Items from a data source
□ □ □

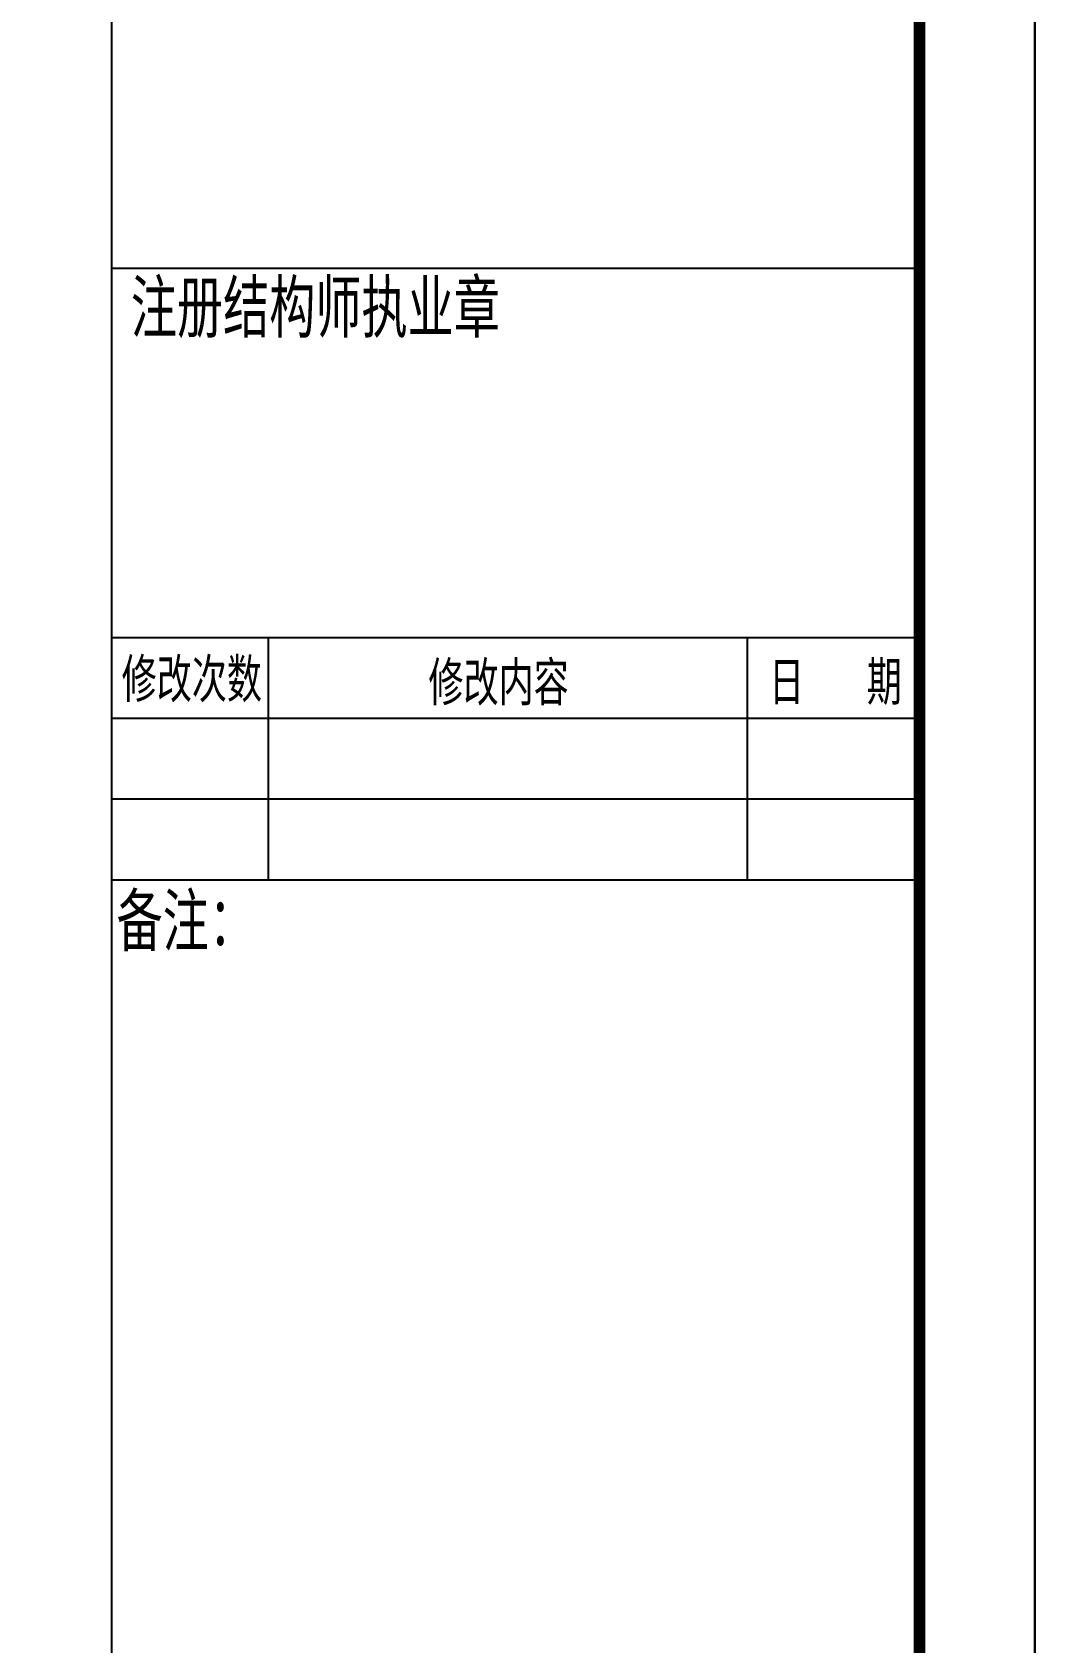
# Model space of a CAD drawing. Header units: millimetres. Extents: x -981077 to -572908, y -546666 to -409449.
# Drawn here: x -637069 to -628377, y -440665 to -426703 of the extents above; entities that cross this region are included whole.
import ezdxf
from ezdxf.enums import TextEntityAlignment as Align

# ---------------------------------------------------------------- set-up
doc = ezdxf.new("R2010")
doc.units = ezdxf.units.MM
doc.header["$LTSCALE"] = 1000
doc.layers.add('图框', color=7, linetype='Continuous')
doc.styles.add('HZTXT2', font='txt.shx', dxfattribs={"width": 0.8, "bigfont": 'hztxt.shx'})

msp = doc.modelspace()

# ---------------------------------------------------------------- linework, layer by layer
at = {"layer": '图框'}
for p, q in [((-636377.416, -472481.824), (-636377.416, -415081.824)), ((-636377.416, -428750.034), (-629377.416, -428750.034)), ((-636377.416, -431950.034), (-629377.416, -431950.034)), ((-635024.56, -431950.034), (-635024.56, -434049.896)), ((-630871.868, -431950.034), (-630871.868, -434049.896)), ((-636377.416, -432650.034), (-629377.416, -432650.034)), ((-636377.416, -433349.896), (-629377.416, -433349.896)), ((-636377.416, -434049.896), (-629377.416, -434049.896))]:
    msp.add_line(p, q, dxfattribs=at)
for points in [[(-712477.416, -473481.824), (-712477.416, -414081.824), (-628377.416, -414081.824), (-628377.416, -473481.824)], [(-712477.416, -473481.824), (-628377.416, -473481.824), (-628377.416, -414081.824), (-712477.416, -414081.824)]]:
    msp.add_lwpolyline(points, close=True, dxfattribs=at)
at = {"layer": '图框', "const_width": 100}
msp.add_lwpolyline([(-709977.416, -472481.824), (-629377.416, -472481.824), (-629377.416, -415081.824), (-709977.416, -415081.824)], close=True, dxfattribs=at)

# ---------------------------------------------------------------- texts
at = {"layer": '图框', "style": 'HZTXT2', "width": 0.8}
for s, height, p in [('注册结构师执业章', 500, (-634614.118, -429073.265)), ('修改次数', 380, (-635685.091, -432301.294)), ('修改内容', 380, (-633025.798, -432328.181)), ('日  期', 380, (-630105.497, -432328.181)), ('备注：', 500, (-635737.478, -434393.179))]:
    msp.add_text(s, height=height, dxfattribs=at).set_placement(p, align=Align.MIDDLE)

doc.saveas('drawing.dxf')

□ □ □

[Task to complete]
Output the entries exactly as they appear, with no pictures included.

[Task response]
# Model space of a CAD drawing. Header units: millimetres. Extents: x -981077 to -572908, y -546666 to -409449.
# Drawn here: x -637069 to -628377, y -440665 to -426703 of the extents above; entities that cross this region are included whole.
import ezdxf
from ezdxf.enums import TextEntityAlignment as Align

# ---------------------------------------------------------------- set-up
doc = ezdxf.new("R2010")
doc.units = ezdxf.units.MM
doc.header["$LTSCALE"] = 1000
doc.layers.add('图框', color=7, linetype='Continuous')
doc.styles.add('HZTXT2', font='txt.shx', dxfattribs={"width": 0.8, "bigfont": 'hztxt.shx'})

msp = doc.modelspace()

# ---------------------------------------------------------------- linework, layer by layer
at = {"layer": '图框'}
for p, q in [((-636377.416, -472481.824), (-636377.416, -415081.824)), ((-636377.416, -428750.034), (-629377.416, -428750.034)), ((-636377.416, -431950.034), (-629377.416, -431950.034)), ((-635024.56, -431950.034), (-635024.56, -434049.896)), ((-630871.868, -431950.034), (-630871.868, -434049.896)), ((-636377.416, -432650.034), (-629377.416, -432650.034)), ((-636377.416, -433349.896), (-629377.416, -433349.896)), ((-636377.416, -434049.896), (-629377.416, -434049.896))]:
    msp.add_line(p, q, dxfattribs=at)
for points in [[(-712477.416, -473481.824), (-712477.416, -414081.824), (-628377.416, -414081.824), (-628377.416, -473481.824)], [(-712477.416, -473481.824), (-628377.416, -473481.824), (-628377.416, -414081.824), (-712477.416, -414081.824)]]:
    msp.add_lwpolyline(points, close=True, dxfattribs=at)
at = {"layer": '图框', "const_width": 100}
msp.add_lwpolyline([(-709977.416, -472481.824), (-629377.416, -472481.824), (-629377.416, -415081.824), (-709977.416, -415081.824)], close=True, dxfattribs=at)

# ---------------------------------------------------------------- texts
at = {"layer": '图框', "style": 'HZTXT2', "width": 0.8}
for s, height, p in [('注册结构师执业章', 500, (-634614.118, -429073.265)), ('修改次数', 380, (-635685.091, -432301.294)), ('修改内容', 380, (-633025.798, -432328.181)), ('日  期', 380, (-630105.497, -432328.181)), ('备注：', 500, (-635737.478, -434393.179))]:
    msp.add_text(s, height=height, dxfattribs=at).set_placement(p, align=Align.MIDDLE)

doc.saveas('drawing.dxf')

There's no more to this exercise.